(Data entries)

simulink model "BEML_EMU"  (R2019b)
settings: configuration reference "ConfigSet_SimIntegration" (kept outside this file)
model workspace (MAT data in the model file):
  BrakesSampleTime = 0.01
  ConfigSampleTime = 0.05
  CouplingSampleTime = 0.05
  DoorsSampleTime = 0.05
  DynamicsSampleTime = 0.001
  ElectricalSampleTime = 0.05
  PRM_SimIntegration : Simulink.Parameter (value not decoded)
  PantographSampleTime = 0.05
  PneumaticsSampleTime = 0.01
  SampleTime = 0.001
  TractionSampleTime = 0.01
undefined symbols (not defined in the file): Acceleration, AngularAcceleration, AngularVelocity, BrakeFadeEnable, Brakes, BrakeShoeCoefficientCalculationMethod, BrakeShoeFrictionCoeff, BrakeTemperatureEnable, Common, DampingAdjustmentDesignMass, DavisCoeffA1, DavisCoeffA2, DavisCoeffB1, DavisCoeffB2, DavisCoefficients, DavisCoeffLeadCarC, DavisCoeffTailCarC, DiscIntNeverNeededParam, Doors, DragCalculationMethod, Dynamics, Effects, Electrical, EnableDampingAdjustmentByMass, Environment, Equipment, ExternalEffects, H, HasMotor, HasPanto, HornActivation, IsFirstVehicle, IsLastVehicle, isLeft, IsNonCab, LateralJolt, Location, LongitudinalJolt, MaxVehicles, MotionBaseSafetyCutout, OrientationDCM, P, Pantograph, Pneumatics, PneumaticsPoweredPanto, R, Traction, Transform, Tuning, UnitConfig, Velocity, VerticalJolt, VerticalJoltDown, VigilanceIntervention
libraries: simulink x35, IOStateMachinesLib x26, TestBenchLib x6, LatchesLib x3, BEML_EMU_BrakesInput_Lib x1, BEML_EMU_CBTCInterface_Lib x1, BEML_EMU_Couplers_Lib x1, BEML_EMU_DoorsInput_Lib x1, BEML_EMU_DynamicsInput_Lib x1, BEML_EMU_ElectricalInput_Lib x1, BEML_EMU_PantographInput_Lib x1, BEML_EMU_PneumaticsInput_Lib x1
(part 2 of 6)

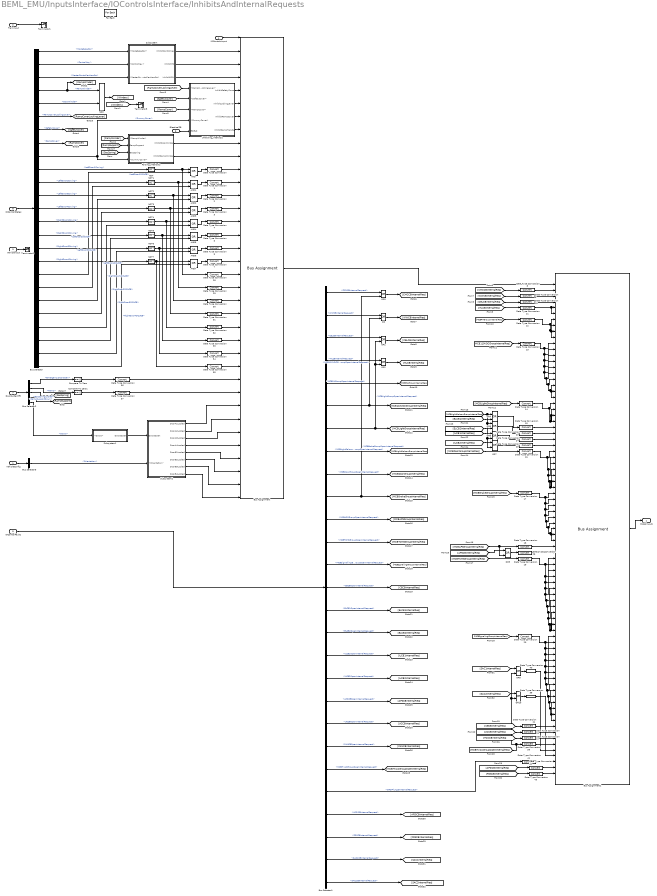
== system BEML_EMU/InputsInterface/IOControlsInterface/InhibitsAndInternalRequests ==
  VehicleConfig : Inport  Partition=on  PartitionDimension=1  PartitionWidth=1  PartitionOffset=0
  TrainInput : Inport  Port=2
  VehicleInput : Inport  Port=3  Partition=on  PartitionDimension=1  PartitionWidth=1  PartitionOffset=0
  IOControlsInput : Inport  Port=4  Partition=on  PartitionDimension=1  PartitionWidth=1  PartitionOffset=0
  IOControlFaults : Inport  Port=5  Partition=on  PartitionDimension=1  PartitionWidth=1  PartitionOffset=0
  ElectricalFB : Inport  Port=6  Partition=on  PartitionDimension=1  PartitionWidth=1  PartitionOffset=0
  DoorSystemFB : Inport  Port=7  Partition=on  PartitionDimension=1  PartitionWidth=1  PartitionOffset=0
  IOControlStates : Inport  Port=8  Partition=on  PartitionDimension=1  PartitionWidth=1  PartitionOffset=0
  AND{,1..7} (8 alike) : Logic  Operator=OR  AllPortsSameDT=off  OutDataTypeStr=boolean
  Bus Assignment : BusAssignment  AssignedSignals=ControlKey.Inhibit,ModeSelector.Inhibit,MasterControllerHandle.Inhibit,SafetyCover.Inhibit,RampCoverLockingLever.Inhibit,RampCover.Inhibit,RampHandle.Inhibit,DoorWinder.Inhibit,RampWinder.Inhibit,LeftDoor1EED.Inhibit,LeftDoor2EED.Inhibit,LeftDoor3EED.Inhibit,LeftDoor4EED.Inhibit,RightDoor1EED.Inhibit,RightDoor2EED.Inhibit,RightDoor3EED.Inhibit,RightDoor4EED.Inhibit,LeftDoor1DCUCB.Inhibit,LeftDoor2DCUCB.Inhibit,LeftDoor3DCUCB.Inhibit,LeftDoor4DCUCB.Inhibit,RightDoor1DCUCB.Inhibit,RightDoor2DCUCB.Inhibit,RightDoor3DCUCB.Inhibit,RightDoor4DCUCB.Inhibit,EmergencyDoorGasSpring.Inhibit,RampMiddleSupport.Inhibit,LeftDoor1Lockout.Inhibit,LeftDoor2Lockout.Inhibit,LeftDoor3Lockout.Inhibit,LeftDoor4Lockout.Inhibit,RightDoor1Lockout.Inhibit,RightDoor2Lockout.Inhibit,RightDoor3Lockout.Inhibit,RightDoor4Lockout.Inhibit
  Bus Assignment1 : BusAssignment  AssignedSignals=CMCCB.InternalRequest,WWCB.InternalRequest,CELCB.InternalRequest,HLLCB.InternalRequest,HLRCB.InternalRequest,OCCB1.InternalRequest,OCCB2.InternalRequest,PISCB1.InternalRequest,PISCB2.InternalRequest,TBCCB1.InternalRequest,TBCCB2.InternalRequest,SSICB.InternalRequest,HCB.InternalRequest,POCB.InternalRequest,TVDUCB.InternalRequest,ODDCB.InternalRequest,WIFICB.InternalRequest,WFLCB.InternalRequest,VCBCB.InternalRequest,MLCB.InternalRequest,TLLCB.InternalRequest,TLRCB.InternalRequest,CILCB.InternalRequest,ELCB1.InternalRequest,ELCB2.InternalRequest,ILCB1.InternalRequest,ILCB2.InternalRequest,LDRCB.InternalRequest,LDLCB.InternalRequest,DLCB.InternalRequest,DRCB.InternalRequest,LDICB.InternalRequest,DPLCB.InternalRequest,EDCB.InternalRequest,BLCB.InternalRequest,ZVBACB.InternalRequest,EBLR1CB.InternalRequest,EBLR2CB.InternalRequest,EBMVCB.InternalRequest,PBCB.InternalRequest,BECUCB1.InternalRequest,BECUCB2.InternalRequest,BECUCB3.InternalRequest,BCGCB.InternalRequest,APSCB.InternalRequest,TDICB.InternalRequest,ERCB.InternalRequest,TBNCB.InternalRequest,CSCCB.InternalRequest,CSBCB.InternalRequest,CSACB.InternalRequest,CDUCB.InternalRequest,DIOCB2.InternalRequest,DIOCB1.InternalRequest,SIOCB1.InternalRequest,SIOCB2.InternalRequest,RIO1CB.InternalRequest,RIO2CB.InternalRequest,TRIVCB.InternalRequest,VIO2CB.InternalRequest,VIO1CB.InternalRequest,PPU3CB.InternalRequest,PPU2CB.InternalRequest,PPU1CB.InternalRequest,C1CB.InternalRequest,NBCB.InternalRequest,MMCB.InternalRequest,CRSBCB.InternalRequest,DMICB.InternalRequest,TWVCB.InternalRequest,CBTCCB1.InternalRequest,NVICB.InternalRequest,CCNVIO1CB.InternalRequest,CECB.InternalRequest,VCCBOrUCCB.InternalRequest,PANCB.InternalRequest,CBFCCB.InternalRequest,SAC1CCB.InternalRequest,SAC2CCB.InternalRequest,ORDPlunger.InternalRequest,APSICB.InternalRequest,FDSCB.InternalRequest
  Bus Selector : BusSelector  OutputSignals=ModeSelector,ControlKey,MasterControllerHandle,RampWinder,DoorWinder,RampCoverLockingLever,SafetyCover,RampCover,DummyCover,LeftDoor1Coving,LeftDoor2Coving,LeftDoor3Coving,LeftDoor4Coving,RightDoor1Coving,RightDoor2Coving,RightDoor3Coving,RightDoor4Coving,LeftDoor1DCUCB,LeftDoor2DCUCB,LeftDoor3DCUCB,LeftDoor4DCUCB,RightDoor1DCUCB,RightDoor2DCUCB,RightDoor3DCUCB,RightDoor4DCUCB
  Bus Selector1 : BusSelector  OutputSignals=CCMCBInternalRequest,WWCBInternalRequest,CELCBInternalRequest,HLCBInternalRequest,MCBPAGroupOpenInternalRequest,MCB110VDCGroupOpenInternalRequest,MCBLightGroupOpenInternalRequest,MCBLightSaloonGroupOpenInternalRequest,MCBDoorGroupOpenInternalRequest,MCBBrakeGroupOpenInternalRequest,MCBAPSGroupOpenInternalRequest,MCBTCMSGroupOpenInternalRequest,MCBSignallingGroupOpenInternalRequest,CECBOpenInternalRequest,ELCB1OpenInternalRequest,ELCB2OpenInternalRequest,ILCB1OpenInternalRequest,ILCB2OpenInternalRequest,APSCBOpenInternalRequest,UCCBOpenInternalRequest,PANCBOpenInternalRequest,MCBHVACGroupOpenInternalRequest,ORDPlungerInternalRequest,APSICBInternalRequest,FDSCBInternalRequest,SAC1CBInternalRequest,SAC2CBInternalRequest
  Bus Selector2 : BusSelector  OutputSignals=EmergencyDoor.EmergencyDoorOpen,EmergencyDoor.Ramp,EmergencyDoor.GasSpringLocked,EmergencyDoor.RampSupportDown,Doors
  Bus Selector3 : BusSelector  OutputSignals=Common.Orientation
  Compare To Zero : simulink/Logic and Bit Operations/Compare To Zero  relop===  OutDataTypeStr=boolean
  Compare To Zero1 : simulink/Logic and Bit Operations/Compare To Zero  relop===  OutDataTypeStr=boolean
  Data Type Conversion{,1..43} (44 alike) : DataTypeConversion
  Folding_Interlocks : Subsystem
  For Each : ForEach  DisableCoverage=on
  NOR : Logic  Operator=NOR  AllPortsSameDT=off  OutDataTypeStr=boolean
  NOT{,1..7} (8 alike) : Logic  Operator=NOT  AllPortsSameDT=off  OutDataTypeStr=boolean
  OR{,1..10} (11 alike) : Logic  Operator=OR  AllPortsSameDT=off  OutDataTypeStr=boolean
  Subsystem : Subsystem
  Subsystem1 : Subsystem
  Subsystem2 : Subsystem
  Terminator1 : Terminator
  Terminator2 : Terminator
  Terminator3 : Terminator
  Unfolding_interlocks : Subsystem
  ModelInputs : Outport  ConcatenationDimension=1
  wires:
  AND4/1 -> Data Type Conversion4/1
  AND/1 -> Data Type Conversion/1
  IOControlStates/1 -> Bus Selector/1
  Bus Selector/17 -> NOT7/1  "<RightDoor4Coving>"
  Bus Selector/11 -> NOT1/1  "<LeftDoor2Coving>"
  AND5/1 -> Data Type Conversion5/1
  AND1/1 -> Data Type Conversion1/1
  AND6/1 -> Data Type Conversion6/1
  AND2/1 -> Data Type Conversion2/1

■ **Task to carry out**
Start at the first line of the entries above. Set down each line exactly through the one with "CouplingSampleTime = 0.05", and stop there.

■ **Your response**
simulink model "BEML_EMU"  (R2019b)
settings: configuration reference "ConfigSet_SimIntegration" (kept outside this file)
model workspace (MAT data in the model file):
  BrakesSampleTime = 0.01
  ConfigSampleTime = 0.05
  CouplingSampleTime = 0.05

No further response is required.